Sophie: Oh, that's a great name!!! Very clever!

Joe, the mascot looks great!! A real cutie!!


----------



## Matilda's mommy (Jun 1, 2005)

> That's adorable! That name that popped in my mind as corny as it sounds is: Seymour Maltese - Get it? SM (see more Maltese). Stupid I know.
> 
> 
> 
> ...



love it


----------



## bellasmommy (May 8, 2005)

I like Pearl for a girl (because they make you think of white and Maltese are white). I'm sure we'll like whatever you choose, it will be neat to have a mascot


----------



## joe (Jan 5, 2003)

> I'm sure we'll like whatever you choose, it will be neat to have a mascot
> 
> 
> 
> ...


i'm not going to choose, we'll post a poll of all the suggested names and the members will vote on them and choose









sooooo... post up your name suggestions


----------



## CloudClan (Jan 31, 2007)

Nice logo pup.














I'll have to think on name ideas.


----------



## lillady (Jan 25, 2007)

Earth Angel









What a cute idea for a mascot!


----------



## Maidto2Maltese (Oct 19, 2004)

Ahh what a cute idea and caricature!!.. 
I immediately thought of "Diva" but would be nice if the name were "generic" for either a boy or girl... 

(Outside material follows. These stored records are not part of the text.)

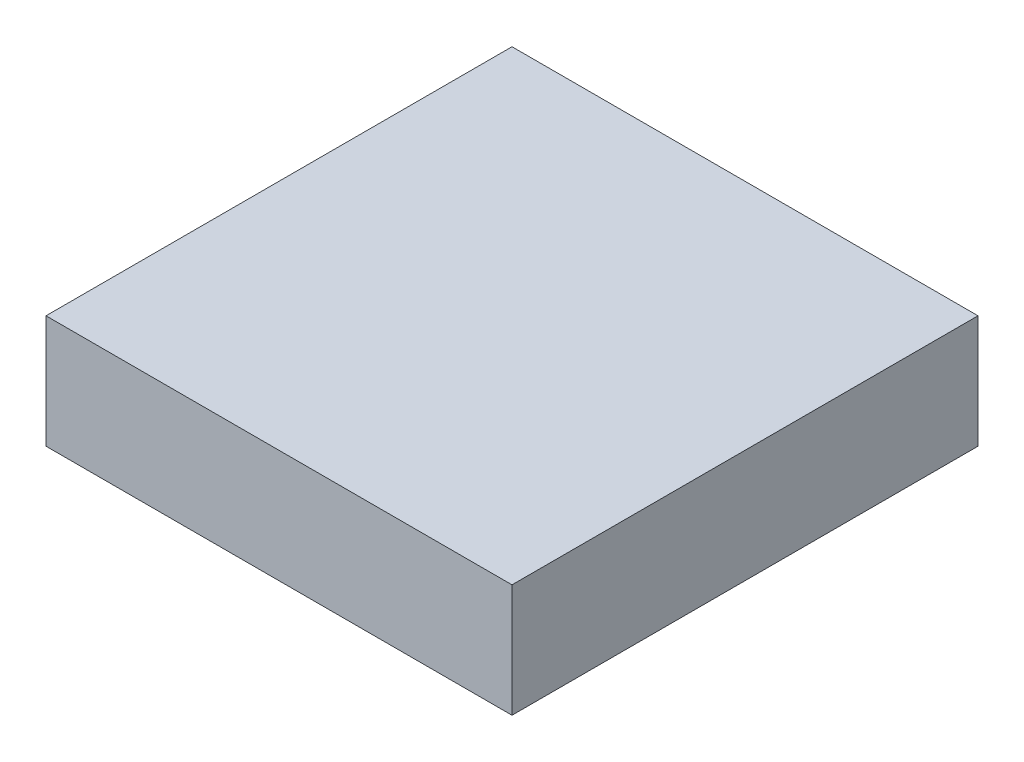
ISO-10303-21;
HEADER;
FILE_DESCRIPTION(('STEP AP214'),'2;1');
FILE_NAME('part.step','',(''),(''),'','','');
FILE_SCHEMA(('AUTOMOTIVE_DESIGN { 1 0 10303 214 1 1 1 1 }'));
ENDSEC;
DATA;
#1=APPLICATION_CONTEXT('core data for automotive mechanical design processes');
#2=APPLICATION_PROTOCOL_DEFINITION('international standard','automotive_design',2000,#1);
#3=PRODUCT_CONTEXT('',#1,'mechanical');
#4=PRODUCT('Part','Part','',(#3));
#5=PRODUCT_RELATED_PRODUCT_CATEGORY('part','',(#4));
#6=PRODUCT_DEFINITION_FORMATION('','',#4);
#7=PRODUCT_DEFINITION_CONTEXT('part definition',#1,'design');
#8=PRODUCT_DEFINITION('design','',#6,#7);
#9=PRODUCT_DEFINITION_SHAPE('','',#8);
#10=(LENGTH_UNIT() NAMED_UNIT(*) SI_UNIT(.MILLI.,.METRE.));
#11=(NAMED_UNIT(*) PLANE_ANGLE_UNIT() SI_UNIT($,.RADIAN.));
#12=(NAMED_UNIT(*) SI_UNIT($,.STERADIAN.) SOLID_ANGLE_UNIT());
#13=UNCERTAINTY_MEASURE_WITH_UNIT(LENGTH_MEASURE(1.E-05),#10,'distance_accuracy_value','');
#14=(GEOMETRIC_REPRESENTATION_CONTEXT(3) GLOBAL_UNCERTAINTY_ASSIGNED_CONTEXT((#13)) GLOBAL_UNIT_ASSIGNED_CONTEXT((#10,
#11,#12)) REPRESENTATION_CONTEXT('',''));
#15=CARTESIAN_POINT('',(0.,0.,0.));
#16=DIRECTION('',(0.,0.,1.));
#17=DIRECTION('',(1.,0.,0.));
#18=AXIS2_PLACEMENT_3D('',#15,#16,#17);
#19=CARTESIAN_POINT('',(10.4775,5.08,10.4775));
#20=DIRECTION('',(-1.,0.,0.));
#21=DIRECTION('',(0.,0.,1.));
#22=AXIS2_PLACEMENT_3D('',#19,#20,#21);
#23=PLANE('',#22);
#24=DIRECTION('',(0.,0.,-1.));
#25=VECTOR('',#24,1.);
#26=CARTESIAN_POINT('',(10.4775,0.,10.4775));
#27=LINE('',#26,#25);
#28=CARTESIAN_POINT('',(10.4775,0.,10.4775));
#29=VERTEX_POINT('',#28);
#30=CARTESIAN_POINT('',(10.4775,0.,-10.4775));
#31=VERTEX_POINT('',#30);
#32=EDGE_CURVE('E107',#29,#31,#27,.T.);
#33=ORIENTED_EDGE('',*,*,#32,.T.);
#34=DIRECTION('',(0.,-1.,0.));
#35=VECTOR('',#34,1.);
#36=CARTESIAN_POINT('',(10.4775,5.08,-10.4775));
#37=LINE('',#36,#35);
#38=CARTESIAN_POINT('',(10.4775,5.08,-10.4775));
#39=VERTEX_POINT('',#38);
#40=EDGE_CURVE('E11',#39,#31,#37,.T.);
#41=ORIENTED_EDGE('',*,*,#40,.F.);
#42=DIRECTION('',(0.,0.,-1.));
#43=VECTOR('',#42,1.);
#44=CARTESIAN_POINT('',(10.4775,5.08,10.4775));
#45=LINE('',#44,#43);
#46=CARTESIAN_POINT('',(10.4775,5.08,10.4775));
#47=VERTEX_POINT('',#46);
#48=EDGE_CURVE('E91',#47,#39,#45,.T.);
#49=ORIENTED_EDGE('',*,*,#48,.F.);
#50=DIRECTION('',(0.,-1.,0.));
#51=VECTOR('',#50,1.);
#52=CARTESIAN_POINT('',(10.4775,5.08,10.4775));
#53=LINE('',#52,#51);
#54=EDGE_CURVE('E103',#47,#29,#53,.T.);
#55=ORIENTED_EDGE('',*,*,#54,.T.);
#56=EDGE_LOOP('',(#33,#41,#49,#55));
#57=FACE_BOUND('',#56,.T.);
#58=ADVANCED_FACE('F39',(#57),#23,.F.);
#59=CARTESIAN_POINT('',(-10.4775,5.08,-10.4775));
#60=DIRECTION('',(0.,0.,1.));
#61=DIRECTION('',(1.,0.,0.));
#62=AXIS2_PLACEMENT_3D('',#59,#60,#61);
#63=PLANE('',#62);
#64=DIRECTION('',(-1.,0.,0.));
#65=VECTOR('',#64,1.);
#66=CARTESIAN_POINT('',(-10.4775,0.,-10.4775));
#67=LINE('',#66,#65);
#68=CARTESIAN_POINT('',(-10.4775,0.,-10.4775));
#69=VERTEX_POINT('',#68);
#70=EDGE_CURVE('E96',#31,#69,#67,.T.);
#71=ORIENTED_EDGE('',*,*,#70,.T.);
#72=DIRECTION('',(0.,-1.,0.));
#73=VECTOR('',#72,1.);
#74=CARTESIAN_POINT('',(-10.4775,5.08,-10.4775));
#75=LINE('',#74,#73);
#76=CARTESIAN_POINT('',(-10.4775,5.08,-10.4775));
#77=VERTEX_POINT('',#76);
#78=EDGE_CURVE('E48',#77,#69,#75,.T.);
#79=ORIENTED_EDGE('',*,*,#78,.F.);
#80=DIRECTION('',(-1.,0.,0.));
#81=VECTOR('',#80,1.);
#82=CARTESIAN_POINT('',(-10.4775,5.08,-10.4775));
#83=LINE('',#82,#81);
#84=EDGE_CURVE('E86',#39,#77,#83,.T.);
#85=ORIENTED_EDGE('',*,*,#84,.F.);
#86=ORIENTED_EDGE('',*,*,#40,.T.);
#87=EDGE_LOOP('',(#71,#79,#85,#86));
#88=FACE_BOUND('',#87,.T.);
#89=ADVANCED_FACE('F95',(#88),#63,.F.);
#90=CARTESIAN_POINT('',(-10.4775,5.08,10.4775));
#91=DIRECTION('',(1.,0.,0.));
#92=DIRECTION('',(0.,0.,-1.));
#93=AXIS2_PLACEMENT_3D('',#90,#91,#92);
#94=PLANE('',#93);
#95=DIRECTION('',(0.,0.,1.));
#96=VECTOR('',#95,1.);
#97=CARTESIAN_POINT('',(-10.4775,0.,10.4775));
#98=LINE('',#97,#96);
#99=CARTESIAN_POINT('',(-10.4775,0.,10.4775));
#100=VERTEX_POINT('',#99);
#101=EDGE_CURVE('E73',#69,#100,#98,.T.);
#102=ORIENTED_EDGE('',*,*,#101,.T.);
#103=DIRECTION('',(0.,-1.,0.));
#104=VECTOR('',#103,1.);
#105=CARTESIAN_POINT('',(-10.4775,5.08,10.4775));
#106=LINE('',#105,#104);
#107=CARTESIAN_POINT('',(-10.4775,5.08,10.4775));
#108=VERTEX_POINT('',#107);
#109=EDGE_CURVE('E98',#108,#100,#106,.T.);
#110=ORIENTED_EDGE('',*,*,#109,.F.);
#111=DIRECTION('',(0.,0.,1.));
#112=VECTOR('',#111,1.);
#113=CARTESIAN_POINT('',(-10.4775,5.08,10.4775));
#114=LINE('',#113,#112);
#115=EDGE_CURVE('E89',#77,#108,#114,.T.);
#116=ORIENTED_EDGE('',*,*,#115,.F.);
#117=ORIENTED_EDGE('',*,*,#78,.T.);
#118=EDGE_LOOP('',(#102,#110,#116,#117));
#119=FACE_BOUND('',#118,.T.);
#120=ADVANCED_FACE('F99',(#119),#94,.F.);
#121=CARTESIAN_POINT('',(-10.4775,5.08,10.4775));
#122=DIRECTION('',(0.,0.,-1.));
#123=DIRECTION('',(-1.,0.,0.));
#124=AXIS2_PLACEMENT_3D('',#121,#122,#123);
#125=PLANE('',#124);
#126=DIRECTION('',(1.,0.,0.));
#127=VECTOR('',#126,1.);
#128=CARTESIAN_POINT('',(-10.4775,0.,10.4775));
#129=LINE('',#128,#127);
#130=EDGE_CURVE('E79',#100,#29,#129,.T.);
#131=ORIENTED_EDGE('',*,*,#130,.T.);
#132=ORIENTED_EDGE('',*,*,#54,.F.);
#133=DIRECTION('',(1.,0.,0.));
#134=VECTOR('',#133,1.);
#135=CARTESIAN_POINT('',(-10.4775,5.08,10.4775));
#136=LINE('',#135,#134);
#137=EDGE_CURVE('E56',#108,#47,#136,.T.);
#138=ORIENTED_EDGE('',*,*,#137,.F.);
#139=ORIENTED_EDGE('',*,*,#109,.T.);
#140=EDGE_LOOP('',(#131,#132,#138,#139));
#141=FACE_BOUND('',#140,.T.);
#142=ADVANCED_FACE('F120',(#141),#125,.F.);
#143=CARTESIAN_POINT('',(0.,5.08,0.));
#144=DIRECTION('',(0.,-1.,0.));
#145=DIRECTION('',(0.,0.,-1.));
#146=AXIS2_PLACEMENT_3D('',#143,#144,#145);
#147=PLANE('',#146);
#148=ORIENTED_EDGE('',*,*,#48,.T.);
#149=ORIENTED_EDGE('',*,*,#84,.T.);
#150=ORIENTED_EDGE('',*,*,#115,.T.);
#151=ORIENTED_EDGE('',*,*,#137,.T.);
#152=EDGE_LOOP('',(#148,#149,#150,#151));
#153=FACE_BOUND('',#152,.T.);
#154=ADVANCED_FACE('F87',(#153),#147,.F.);
#155=CARTESIAN_POINT('',(0.,0.,0.));
#156=DIRECTION('',(0.,-1.,0.));
#157=DIRECTION('',(0.,0.,-1.));
#158=AXIS2_PLACEMENT_3D('',#155,#156,#157);
#159=PLANE('',#158);
#160=ORIENTED_EDGE('',*,*,#32,.F.);
#161=ORIENTED_EDGE('',*,*,#130,.F.);
#162=ORIENTED_EDGE('',*,*,#101,.F.);
#163=ORIENTED_EDGE('',*,*,#70,.F.);
#164=EDGE_LOOP('',(#160,#161,#162,#163));
#165=FACE_BOUND('',#164,.T.);
#166=ADVANCED_FACE('F123',(#165),#159,.T.);
#167=CLOSED_SHELL('',(#58,#89,#120,#142,#154,#166));
#168=MANIFOLD_SOLID_BREP('B2',#167);
#169=ADVANCED_BREP_SHAPE_REPRESENTATION('',(#18,#168),#14);
#170=SHAPE_DEFINITION_REPRESENTATION(#9,#169);
ENDSEC;
END-ISO-10303-21;

so my submission is "Lovie"


----------



## MissMelanie (Feb 13, 2006)

> That's adorable! That name that popped in my mind as corny as it sounds is: Seymour Maltese - Get it? SM (see more Maltese). Stupid I know.
> 
> 
> 
> ...


 

OH come on, NOT stupid at all! That is GREAT! I love it!



Joe I also really like your Mascot, great job. When I looked at it the name Tipper popped into my head. Not sure why exactly but that is it. Like tippy toeing along, Tippy. Or Tipper.







enJOY!
Melanie


----------



## Elegant (Jul 17, 2004)

Cuddle Cakes









~Elegant


----------



## 2maltese4me (May 8, 2006)

*Waggles*


----------



## Elegant (Jul 17, 2004)

Snuggle Muffin (SM)
Snuggle Me (SM)
Tagalong
Mopsie


----------



## angela923 (Nov 24, 2005)

How about Ima? As in Ima Spoiled Maltese
lol... I just thought of it cuz of an episode of the Simpsons.. a bit corny? lol


----------



## theboyz (Jan 10, 2007)

" Webster " ( SM "Web"- site )


----------



## The A Team (Dec 1, 2005)

??? how about

SAM = *S*poil *A*ll *M*altese


Dumb.....but if I come up with something better, can I post it later?


----------



## vjw (Dec 20, 2006)

Cute mascot!!! Here's a name suggestion: Issa


I chose this name because of the history behind it. Publius, the Roman governor of Malta loved his maltese named Issa. The story goes that he so loved Issa that around 38AD he commissioned artwork and poems in honor of her. The rough translation of one poem goes:

_Issa is more frolicsome than
Catulia's canary.
Issa is purer than a white dove's kiss.
Issa is more precious than jewels
for India.
Lest the days that she see light
should snatch her from him
forever,
Publius has had her picture painted._ 



Joy




Note: Source: _Maltese_ magazine (Popular Dog Series)


----------



## ladypup (Oct 22, 2006)

very nice









let us offer the simplest name: "Spoiled"


----------



## carrie (Aug 24, 2004)

> very nice
> 
> 
> 
> ...


exactly, i was thinking the same thing.. just name him/her *the* _spoiled_ maltese!


----------



## Cosy (Feb 9, 2006)

How about * Spoiledupagus? LOL Too many years of Sesame Street.*


----------



## ladypup (Oct 22, 2006)

> > index.php?act=findpost&pid=348283
> 
> 
> 
> ...


hee hee or 'Spoiled the Maltese of Spoiled Maltese'


----------



## camfan (Oct 30, 2006)

To add to what others are saying "Spoiled Mascot (SM, get it?) of SM"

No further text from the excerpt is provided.